Abstract: Adaptation is a technique to make better use of existing models for test data from new acoustic or linguistic conditions. It is an important and challenging research area of statistical speech recognition. This tutorial gives a systematic review of fundamental theories as well as introduction of state-of-the-art adaptation techniques. It includes both acoustic and language model adaptation. Following a simple example of acoustic model adaptation, basic concepts, procedures and categories of adaptation will be introduced. Then, a number of advanced adaptation techniques will be discussed, such as discriminative adaptation, Deep Neural Network adaptation, adaptive training, relationship to noise robustness etc. After the detailed review of acoustic model adaptation, an introduction of language model adaptation, such as topic adaptation will also be given.

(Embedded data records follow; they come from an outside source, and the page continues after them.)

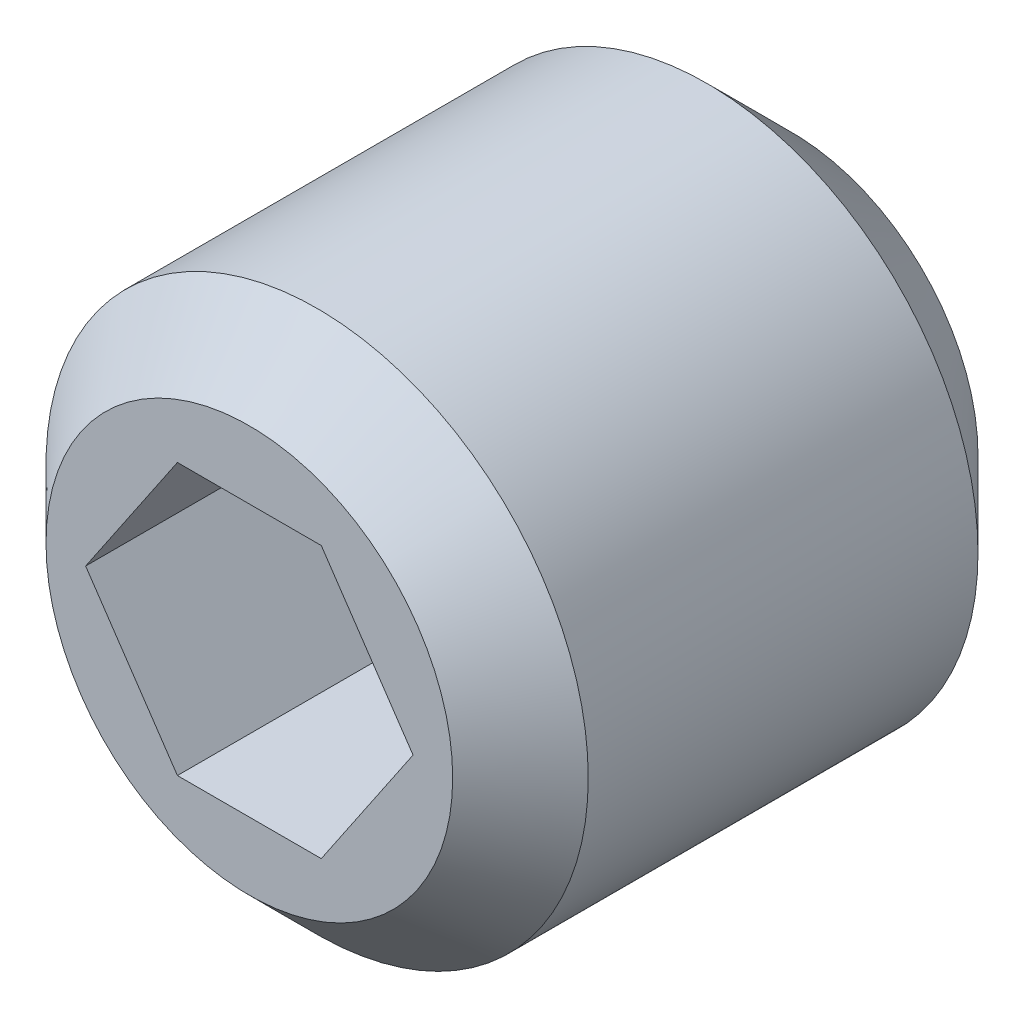
from build123d import *

# Parameters (mm, degrees)
ESQUISSE1_R             = 4
BASE_EXTRUSION_DEPTH    = 8
CHANFREIN1_SIZE         = 1.25
ENL_V_MAT_EXTRU_1_DEPTH = 4
CHANFREIN2_SIZE         = 1


with BuildPart() as part:
    # Esquisse1 → Base-Extrusion (new body)
    with BuildSketch(Plane.XY):
        Circle(ESQUISSE1_R)
    extrude(amount=BASE_EXTRUSION_DEPTH)

    # Chanfrein1
    chanfrein1_edges = [part.edges().sort_by_distance(p)[0] for p in [
        (-4, 0, 0),
    ]]
    chamfer(chanfrein1_edges, length=CHANFREIN1_SIZE)

    # Esquisse2 → Enlèv. mat.-Extru.1 (cut)
    with BuildSketch(Plane.XY.offset(8)):
        Polygon((2.415171399, 0), (1.061268564, 2), (-1.061268564, 2), (-2.415171399, 0), (-1.061268564, -2), (1.061268564, -2), align=None)
    extrude(amount=-ENL_V_MAT_EXTRU_1_DEPTH, mode=Mode.SUBTRACT)

    # Chanfrein2
    chanfrein2_edges = [part.edges().sort_by_distance(p)[0] for p in [
        (-4, 0, 8),
    ]]
    chamfer(chanfrein2_edges, length=CHANFREIN2_SIZE)


solid = part.part
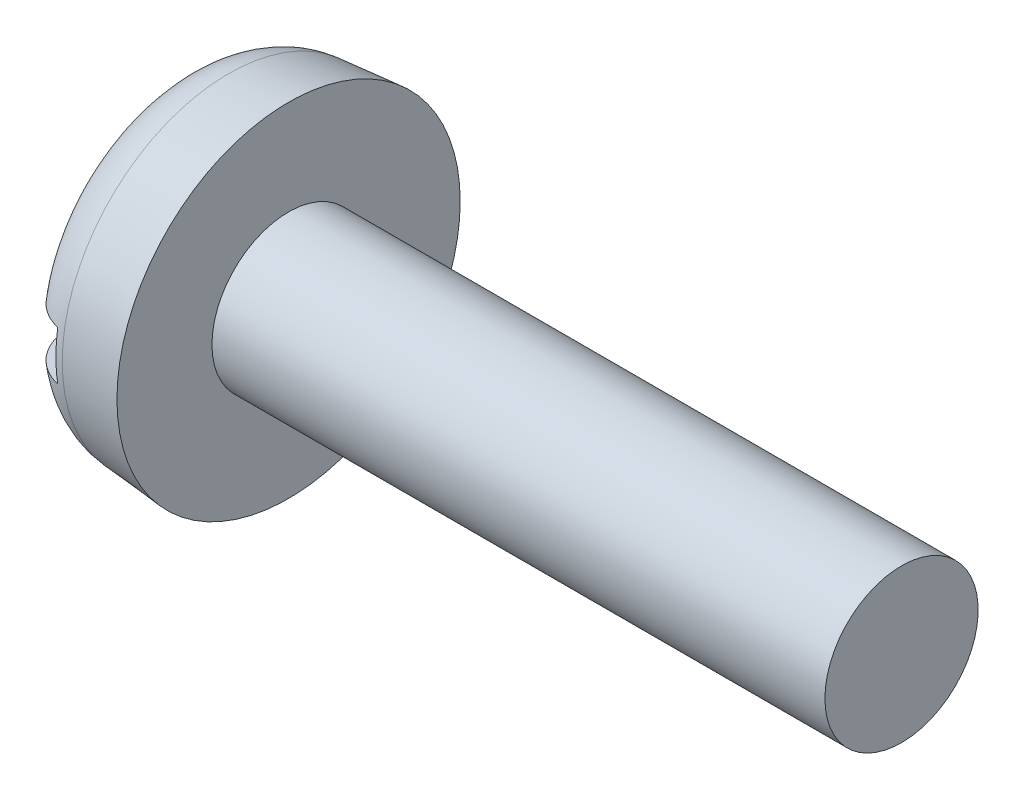
from build123d import *

# Parameters (mm, degrees)
FILLET2_R  = 0.9
SKETCH2_W  = 5.6
SKETCH2_H  = 0.8
SLOT_DEPTH = 0.7


with BuildPart() as part:
    # BodySke → Base-Revolve (revolve)
    with BuildSketch(Plane.XY):
        Polygon((1.8, 1.25), (1.8, 2.8), (0, 2.642520406), (0, 0), (11.8, 0), (11.8, 1.25), align=None)
    revolve(axis=Axis((-25.4, 0, 0), (1, 0, 0)))

    # Fillet2
    fillet2_edges = [part.edges().sort_by_distance(p)[0] for p in [
        (0, -2.642520406, 0),
    ]]
    fillet(fillet2_edges, radius=FILLET2_R)

    # Sketch2 → Slot (cut)
    with BuildSketch(Plane(origin=(0, 0, 0), x_dir=(0, 0, -1), z_dir=(1, 0, 0))):
        Rectangle(SKETCH2_W, SKETCH2_H)
    extrude(amount=SLOT_DEPTH, mode=Mode.SUBTRACT)


solid = part.part
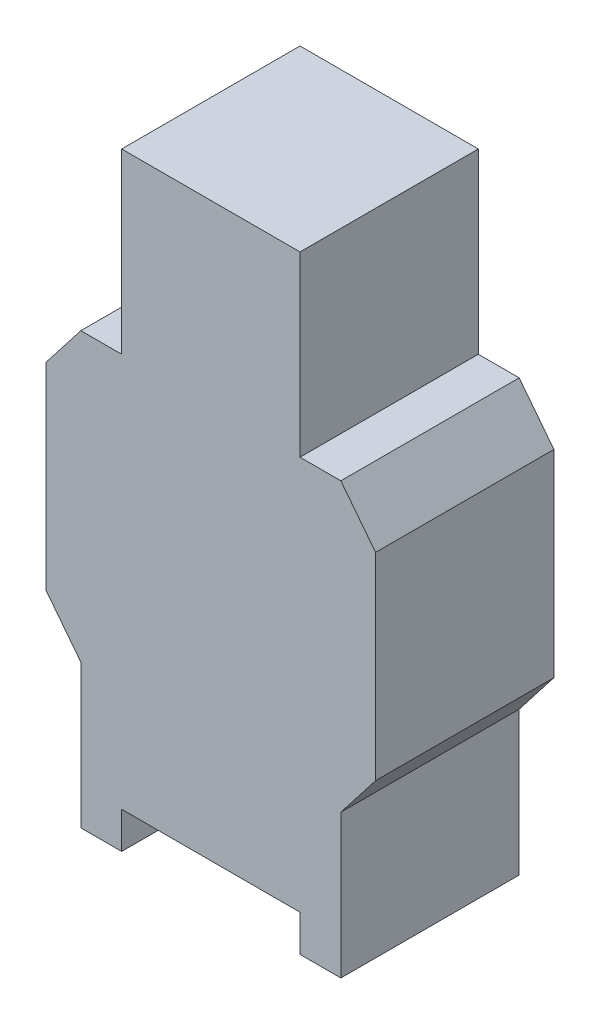
from build123d import *

# Parameters (mm, degrees)
BOSS_EXTRUDE1_DEPTH = 1.524


with BuildPart() as part:
    # Sketch1 → Boss-Extrude1 (new body)
    with BuildSketch(Plane.XY):
        Polygon((1.524, 0.331357602), (1.524, 0.019038457), (1.873085688, 0.019038457), (1.873085688, 1.246196741), (2.169840011, 1.627797902), (2.169840011, 3.317365369), (1.873085688, 3.69896653), (1.524, 3.69896653), (1.524, 5.218451674), (0, 5.218451674), (0, 3.69896653), (-0.349085688, 3.69896653), (-0.645840011, 3.317365369), (-0.645840011, 1.627797902), (-0.349085688, 1.246196741), (-0.349085688, 0.019038457), (0, 0.019038457), (0, 0.331357602), align=None)
    extrude(amount=BOSS_EXTRUDE1_DEPTH)


solid = part.part

The whole tutorial is then summarised and future research direction will be discussed.

Biography: Kai Yu is a research professor in the Computer Science and Engineering Department of Shanghai Jiao Tong University, China. He obtained his Bachelor and Master degrees from Tsinghua University, Beijing, China and his Ph.D. from Cambridge University. He has published over 50 peer-reviewed journal and conference publications on speech recognition, synthesis and dialogue systems. He was a key member of the Cambridge team to build state-of-the-art LVCSR systems in the DARPA funded EARS and GALE projects. He has also managed the design and implementation of large-scale real-world ASR cloud. He is a senior member of IEEE, a member of ISCA and the IET. He was the area chair for speech recognition and processing for INTERSPEECH 2009 and EUSIPCO 2011, the publication chair for IEEE ASRU 2011 and the area chair of spoken dialogue systems for INTERSPEECH 2014. He was selected into the "1000 Overseas Talent Plan (Young Talent)" by Chinese central government in 2012. He was also selected into the Programme for Professor of Special Appointment (Eastern Scholar) at Shanghai Institutions of Higher Learning.

[Back to Top]


Title:Emotion and Mental State Recognition: Features, Models, System Applications and Beyond
Presenters: Chung-Hsien Wu (National Cheng Kung University, Tainan City), Hsin-Min Wang (Academia Sinica, Taipei), Julien Epps (The University of New South Wales, Australia) and Vidhyasaharan Sethu (The University of New South Wales, Australia)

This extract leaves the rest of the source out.